You have upgraded to the latest LTS version of Ubuntu, and like many you have been having problems with Wi-Fi. You experienced loss of Wi-Fi on resuming from suspend. This was due to bug 1574347, bug 1311257 or some combination of the two. You found a workaround that worked. However when you switch networks you again lose Wi-Fi connectivity with NetworkManager not seeing any Wi-Fi access points. What should you do?

The following is the approach I would recommend.

  1. Research the problem
  2. Ask for help
  3. Raise a bug report
  4. Seriously consider whether you need the latest LTS version of Ubuntu
  5. Try an alternative to GNOME Network Manager
  6. Control your Wi-Fi from the terminal.

Step 1 You tried researching the problem. You did not find anything about this issue on the internet.

Step 2 You posted this question on Ask Ubuntu. You posted the results of running the Ubuntu Forums WiFi diagnosis script and a screenshot of your screen. When you did not get a response you posted a bounty on the question. All great moves on your part. We have chatted about your problem and I have analysed your WiFi script results in detail. Apart from a couple of kernel error messages apparently related to the suspend/ resume issue the results show working Wi-Fi that is just not connected to an Access Point.

Step 3 This is clearly a bug in GNOME Network Manager so create a bug report. The developers need bug reports to find an eliminate errors in the code. You do this by typing ubuntu-bug network-managerin a terminal.

Step 4. Seriously consider reverting to your previous version of Ubuntu. Adding LTS to the name of a release does not make it of higher quality than any other release. What creates the quality is the amount of testing it has undergone.

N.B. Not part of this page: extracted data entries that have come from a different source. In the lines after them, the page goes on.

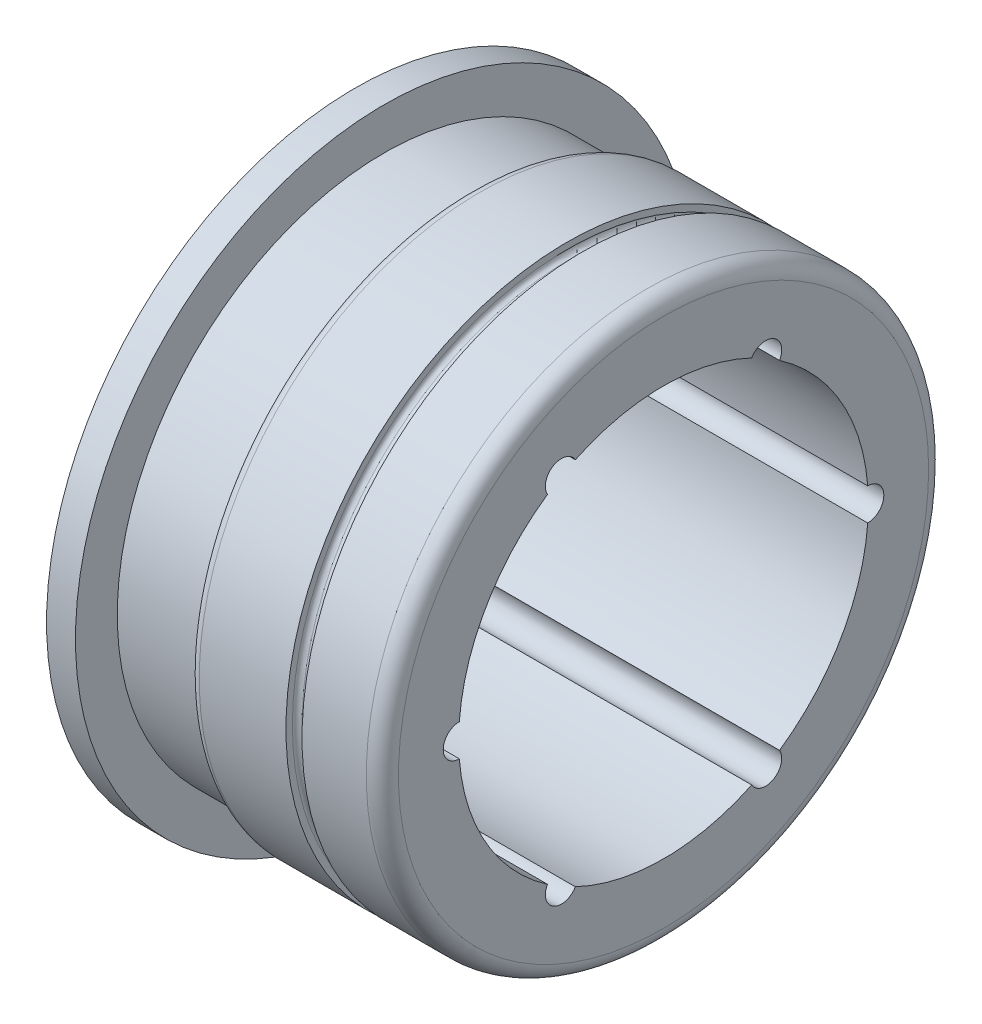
ISO-10303-21;
HEADER;
FILE_DESCRIPTION(('STEP AP214'),'2;1');
FILE_NAME('part.step','',(''),(''),'','','');
FILE_SCHEMA(('AUTOMOTIVE_DESIGN { 1 0 10303 214 1 1 1 1 }'));
ENDSEC;
DATA;
#1=APPLICATION_CONTEXT('core data for automotive mechanical design processes');
#2=APPLICATION_PROTOCOL_DEFINITION('international standard','automotive_design',2000,#1);
#3=PRODUCT_CONTEXT('',#1,'mechanical');
#4=PRODUCT('Part','Part','',(#3));
#5=PRODUCT_RELATED_PRODUCT_CATEGORY('part','',(#4));
#6=PRODUCT_DEFINITION_FORMATION('','',#4);
#7=PRODUCT_DEFINITION_CONTEXT('part definition',#1,'design');
#8=PRODUCT_DEFINITION('design','',#6,#7);
#9=PRODUCT_DEFINITION_SHAPE('','',#8);
#10=(LENGTH_UNIT() NAMED_UNIT(*) SI_UNIT(.MILLI.,.METRE.));
#11=(NAMED_UNIT(*) PLANE_ANGLE_UNIT() SI_UNIT($,.RADIAN.));
#12=(NAMED_UNIT(*) SI_UNIT($,.STERADIAN.) SOLID_ANGLE_UNIT());
#13=UNCERTAINTY_MEASURE_WITH_UNIT(LENGTH_MEASURE(1.E-05),#10,'distance_accuracy_value','');
#14=(GEOMETRIC_REPRESENTATION_CONTEXT(3) GLOBAL_UNCERTAINTY_ASSIGNED_CONTEXT((#13)) GLOBAL_UNIT_ASSIGNED_CONTEXT((#10,
#11,#12)) REPRESENTATION_CONTEXT('',''));
#15=CARTESIAN_POINT('',(0.,0.,0.));
#16=DIRECTION('',(0.,0.,1.));
#17=DIRECTION('',(1.,0.,0.));
#18=AXIS2_PLACEMENT_3D('',#15,#16,#17);
#19=CARTESIAN_POINT('',(71.,0.,0.));
#20=DIRECTION('',(1.,0.,0.));
#21=DIRECTION('',(0.,0.,-1.));
#22=AXIS2_PLACEMENT_3D('',#19,#20,#21);
#23=CYLINDRICAL_SURFACE('',#22,12.75);
#24=DIRECTION('',(-1.,0.,0.));
#25=VECTOR('',#24,1.);
#26=CARTESIAN_POINT('',(34.,11.5078097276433,5.48933650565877));
#27=LINE('',#26,#25);
#28=CARTESIAN_POINT('',(34.,11.5078097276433,5.48933650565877));
#29=VERTEX_POINT('',#28);
#30=CARTESIAN_POINT('',(14.8,11.5078097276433,5.48933650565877));
#31=VERTEX_POINT('',#30);
#32=EDGE_CURVE('E44',#29,#31,#27,.T.);
#33=ORIENTED_EDGE('',*,*,#32,.T.);
#34=CARTESIAN_POINT('',(14.8,0.,0.));
#35=DIRECTION('',(1.,0.,0.));
#36=DIRECTION('',(0.,0.,-1.));
#37=AXIS2_PLACEMENT_3D('',#34,#35,#36);
#38=CIRCLE('',#37,12.75);
#39=CARTESIAN_POINT('',(14.8,11.5078097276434,-5.48933650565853));
#40=VERTEX_POINT('',#39);
#41=EDGE_CURVE('E134',#40,#31,#38,.T.);
#42=ORIENTED_EDGE('',*,*,#41,.F.);
#43=DIRECTION('',(-1.,0.,0.));
#44=VECTOR('',#43,1.);
#45=CARTESIAN_POINT('',(34.,11.5078097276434,-5.48933650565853));
#46=LINE('',#45,#44);
#47=CARTESIAN_POINT('',(34.,11.5078097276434,-5.48933650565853));
#48=VERTEX_POINT('',#47);
#49=EDGE_CURVE('E173',#48,#40,#46,.T.);
#50=ORIENTED_EDGE('',*,*,#49,.F.);
#51=CARTESIAN_POINT('',(34.,0.,0.));
#52=DIRECTION('',(1.,0.,0.));
#53=DIRECTION('',(0.,0.,-1.));
#54=AXIS2_PLACEMENT_3D('',#51,#52,#53);
#55=CIRCLE('',#54,12.75);
#56=EDGE_CURVE('E250',#48,#29,#55,.T.);
#57=ORIENTED_EDGE('',*,*,#56,.T.);
#58=EDGE_LOOP('',(#33,#42,#50,#57));
#59=FACE_BOUND('',#58,.T.);
#60=ADVANCED_FACE('F29',(#59),#23,.F.);
#61=DIRECTION('',(-1.,0.,0.));
#62=VECTOR('',#61,1.);
#63=CARTESIAN_POINT('',(34.,10.5078097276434,-7.22138731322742));
#64=LINE('',#63,#62);
#65=CARTESIAN_POINT('',(34.,10.5078097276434,-7.22138731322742));
#66=VERTEX_POINT('',#65);
#67=CARTESIAN_POINT('',(14.8,10.5078097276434,-7.22138731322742));
#68=VERTEX_POINT('',#67);
#69=EDGE_CURVE('E52',#66,#68,#64,.T.);
#70=ORIENTED_EDGE('',*,*,#69,.T.);
#71=CARTESIAN_POINT('',(14.8,1.00000000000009,-12.7107238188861));
#72=VERTEX_POINT('',#71);
#73=EDGE_CURVE('E143',#72,#68,#38,.T.);
#74=ORIENTED_EDGE('',*,*,#73,.F.);
#75=DIRECTION('',(-1.,0.,0.));
#76=VECTOR('',#75,1.);
#77=CARTESIAN_POINT('',(34.,1.00000000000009,-12.7107238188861));
#78=LINE('',#77,#76);
#79=CARTESIAN_POINT('',(34.,1.00000000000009,-12.7107238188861));
#80=VERTEX_POINT('',#79);
#81=EDGE_CURVE('E170',#80,#72,#78,.T.);
#82=ORIENTED_EDGE('',*,*,#81,.F.);
#83=EDGE_CURVE('E172',#80,#66,#55,.T.);
#84=ORIENTED_EDGE('',*,*,#83,.T.);
#85=EDGE_LOOP('',(#70,#74,#82,#84));
#86=FACE_BOUND('',#85,.T.);
#87=ADVANCED_FACE('F168',(#86),#23,.F.);
#88=DIRECTION('',(-1.,0.,0.));
#89=VECTOR('',#88,1.);
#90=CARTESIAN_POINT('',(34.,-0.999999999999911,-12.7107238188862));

LTS releases are used by much greater numbers of users than development releases so once they are live they are much more thoroughly tested. As 16.04 LTS has been live for less than a month it will have far more bugs than say 14.04 LTS. On Windows my policy was never to use an operating system release until it had been live for at least a year so other people found the bugs. In your case you need a recent kernel to solve another issue so you want to stick with 16.04.

Step 5. Looking at the bug list for GNOME network manager it is clear that they are actively working on a significant number of bugs. It is going to take some time for them to address all the serious ones. Consider replacing the GNOME network manager with another one. Wicd does not appear to be being actively developed but network management standards have been stable for years. I would recommend trying this as it does not depend on GNOME and is unlikely to have the same issue. You have tried Wicd in the past and have issues with it so you would like an alternative approach.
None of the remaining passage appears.